= Data supplied =
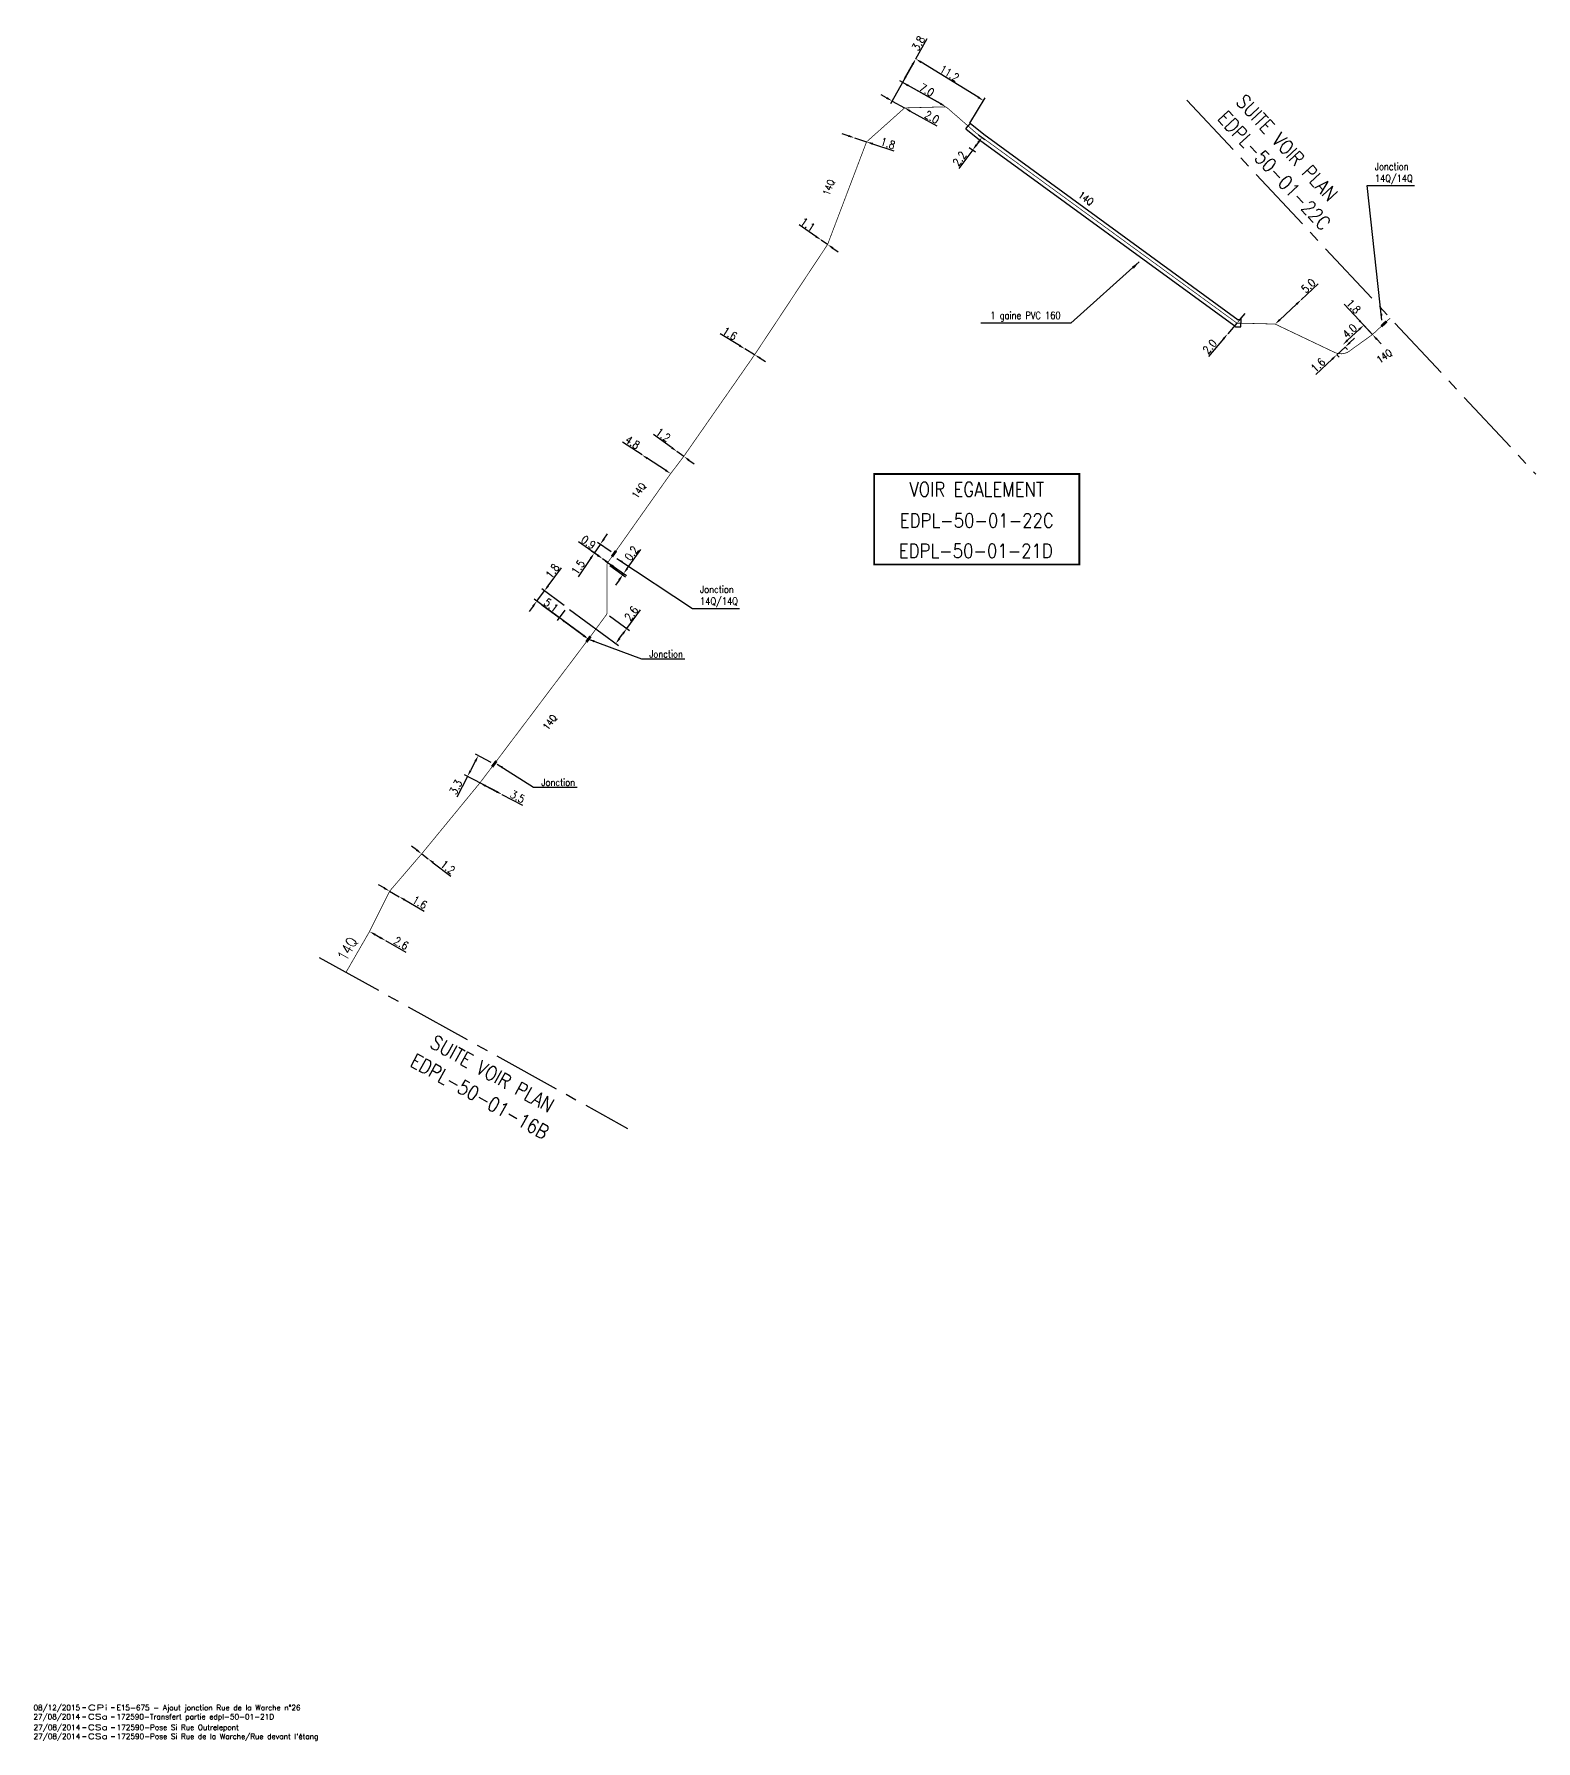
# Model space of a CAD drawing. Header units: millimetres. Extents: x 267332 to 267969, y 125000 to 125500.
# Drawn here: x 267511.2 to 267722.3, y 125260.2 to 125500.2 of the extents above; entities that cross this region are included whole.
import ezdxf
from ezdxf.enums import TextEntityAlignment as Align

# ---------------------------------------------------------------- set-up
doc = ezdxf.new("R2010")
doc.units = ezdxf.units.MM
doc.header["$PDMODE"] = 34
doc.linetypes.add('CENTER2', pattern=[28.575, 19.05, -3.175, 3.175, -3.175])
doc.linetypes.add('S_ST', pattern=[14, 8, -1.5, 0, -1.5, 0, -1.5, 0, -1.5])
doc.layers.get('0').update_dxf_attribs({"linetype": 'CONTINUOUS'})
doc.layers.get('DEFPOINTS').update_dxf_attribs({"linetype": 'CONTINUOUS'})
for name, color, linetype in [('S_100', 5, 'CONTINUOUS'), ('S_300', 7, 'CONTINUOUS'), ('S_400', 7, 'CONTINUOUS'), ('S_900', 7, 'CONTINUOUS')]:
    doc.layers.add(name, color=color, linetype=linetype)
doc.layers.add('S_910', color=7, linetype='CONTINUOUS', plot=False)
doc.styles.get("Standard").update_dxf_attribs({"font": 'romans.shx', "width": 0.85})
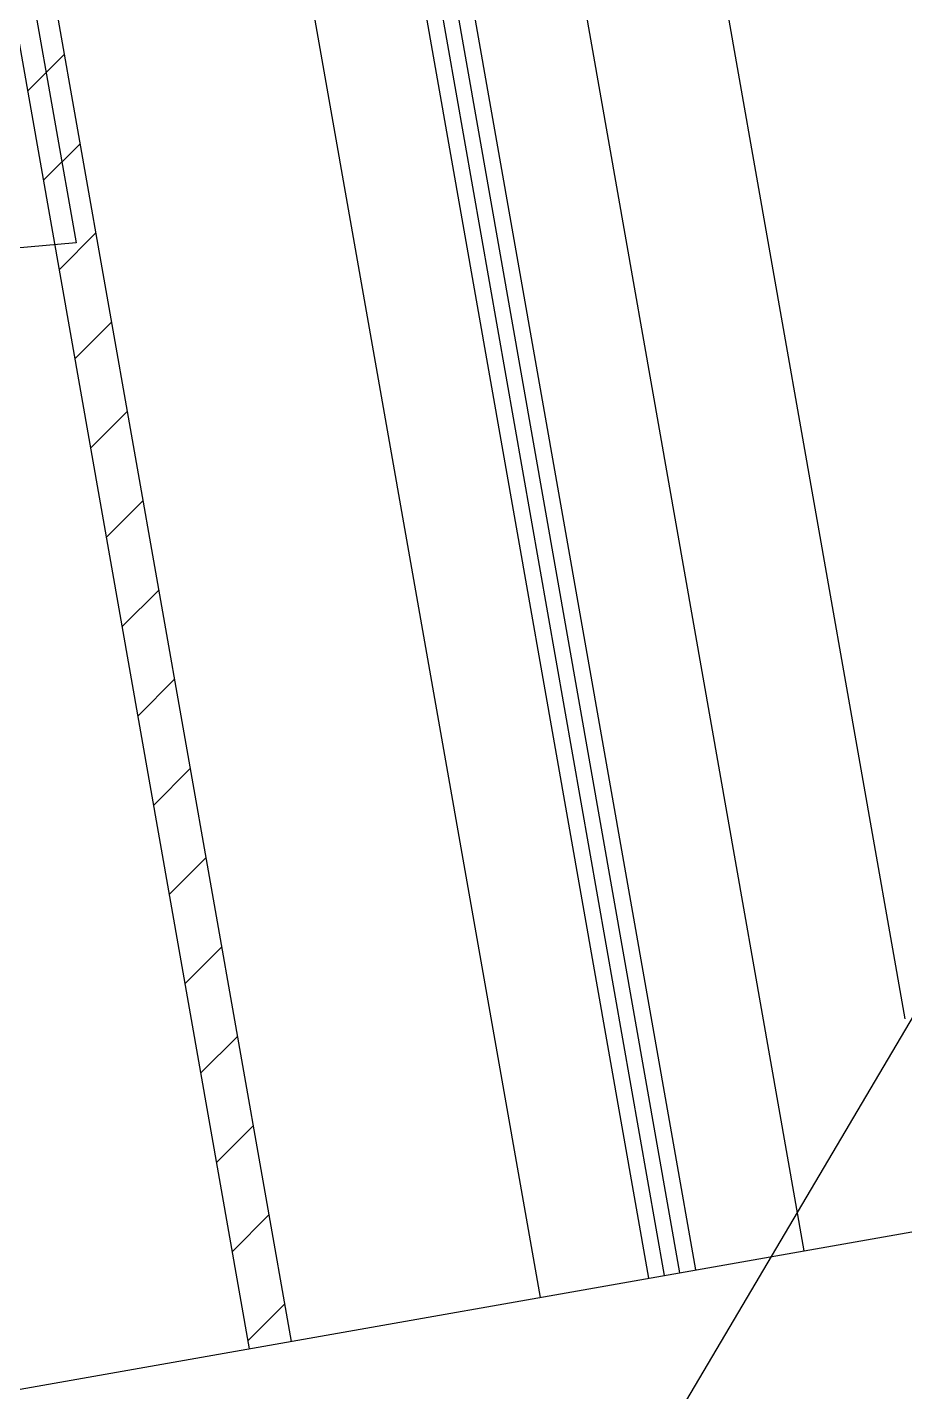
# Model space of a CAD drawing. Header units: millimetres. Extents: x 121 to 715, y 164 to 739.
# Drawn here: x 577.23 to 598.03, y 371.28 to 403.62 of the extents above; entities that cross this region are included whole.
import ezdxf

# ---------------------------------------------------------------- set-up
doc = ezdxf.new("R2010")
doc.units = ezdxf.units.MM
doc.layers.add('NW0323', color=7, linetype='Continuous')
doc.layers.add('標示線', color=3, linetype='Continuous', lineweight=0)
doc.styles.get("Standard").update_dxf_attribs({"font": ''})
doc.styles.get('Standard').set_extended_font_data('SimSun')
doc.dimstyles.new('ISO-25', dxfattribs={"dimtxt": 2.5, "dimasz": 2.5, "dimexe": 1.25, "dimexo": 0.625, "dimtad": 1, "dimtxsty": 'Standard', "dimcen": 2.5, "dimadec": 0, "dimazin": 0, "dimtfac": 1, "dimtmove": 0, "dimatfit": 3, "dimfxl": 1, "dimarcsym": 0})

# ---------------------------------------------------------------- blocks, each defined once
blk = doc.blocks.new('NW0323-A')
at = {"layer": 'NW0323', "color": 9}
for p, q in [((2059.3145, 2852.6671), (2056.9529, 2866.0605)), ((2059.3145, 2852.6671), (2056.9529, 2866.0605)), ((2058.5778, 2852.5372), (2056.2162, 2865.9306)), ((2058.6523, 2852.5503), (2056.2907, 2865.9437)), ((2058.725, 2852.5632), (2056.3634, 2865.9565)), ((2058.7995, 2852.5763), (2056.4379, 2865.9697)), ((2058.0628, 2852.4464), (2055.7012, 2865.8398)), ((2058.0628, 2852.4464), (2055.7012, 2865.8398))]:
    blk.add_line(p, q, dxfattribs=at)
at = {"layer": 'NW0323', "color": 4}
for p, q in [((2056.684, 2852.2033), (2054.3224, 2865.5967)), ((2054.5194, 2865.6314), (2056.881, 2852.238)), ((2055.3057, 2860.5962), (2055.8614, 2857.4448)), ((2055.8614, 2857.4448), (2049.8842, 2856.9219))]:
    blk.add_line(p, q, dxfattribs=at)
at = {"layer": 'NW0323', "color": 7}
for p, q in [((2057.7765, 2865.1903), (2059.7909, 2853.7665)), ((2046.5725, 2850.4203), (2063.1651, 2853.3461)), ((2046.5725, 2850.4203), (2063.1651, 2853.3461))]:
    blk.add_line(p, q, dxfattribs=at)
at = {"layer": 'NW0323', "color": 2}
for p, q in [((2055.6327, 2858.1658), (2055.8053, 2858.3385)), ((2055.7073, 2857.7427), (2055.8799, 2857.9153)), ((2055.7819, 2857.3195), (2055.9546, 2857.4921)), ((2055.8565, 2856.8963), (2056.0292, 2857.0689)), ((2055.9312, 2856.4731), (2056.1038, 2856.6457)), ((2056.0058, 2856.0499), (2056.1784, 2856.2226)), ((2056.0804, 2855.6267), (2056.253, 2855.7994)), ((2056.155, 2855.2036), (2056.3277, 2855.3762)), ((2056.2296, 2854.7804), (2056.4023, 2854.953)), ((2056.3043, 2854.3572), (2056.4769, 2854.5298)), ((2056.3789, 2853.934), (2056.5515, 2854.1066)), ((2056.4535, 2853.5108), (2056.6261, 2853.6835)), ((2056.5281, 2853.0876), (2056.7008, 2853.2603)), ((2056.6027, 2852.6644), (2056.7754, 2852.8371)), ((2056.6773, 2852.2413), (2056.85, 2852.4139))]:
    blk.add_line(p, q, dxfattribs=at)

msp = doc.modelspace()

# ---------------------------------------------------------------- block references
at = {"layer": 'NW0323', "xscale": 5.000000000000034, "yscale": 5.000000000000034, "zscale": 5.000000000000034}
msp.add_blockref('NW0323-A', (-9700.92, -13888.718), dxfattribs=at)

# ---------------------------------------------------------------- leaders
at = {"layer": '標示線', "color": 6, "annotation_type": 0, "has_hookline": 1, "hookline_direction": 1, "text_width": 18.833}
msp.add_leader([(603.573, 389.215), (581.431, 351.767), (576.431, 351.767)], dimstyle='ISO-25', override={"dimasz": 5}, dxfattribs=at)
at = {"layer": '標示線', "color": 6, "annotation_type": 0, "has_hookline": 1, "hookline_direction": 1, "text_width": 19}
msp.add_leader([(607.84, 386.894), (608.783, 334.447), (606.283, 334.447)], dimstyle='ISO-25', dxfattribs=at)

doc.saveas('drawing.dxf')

= Instructions to follow =
Show every line above where "units" is found.

= Answer to this exercise =
# Model space of a CAD drawing. Header units: millimetres. Extents: x 267332 to 267969, y 125000 to 125500.
doc.units = ezdxf.units.MM
# Model space of a CAD drawing. Header units: millimetres. Extents: x 121 to 715, y 164 to 739.
doc.units = ezdxf.units.MM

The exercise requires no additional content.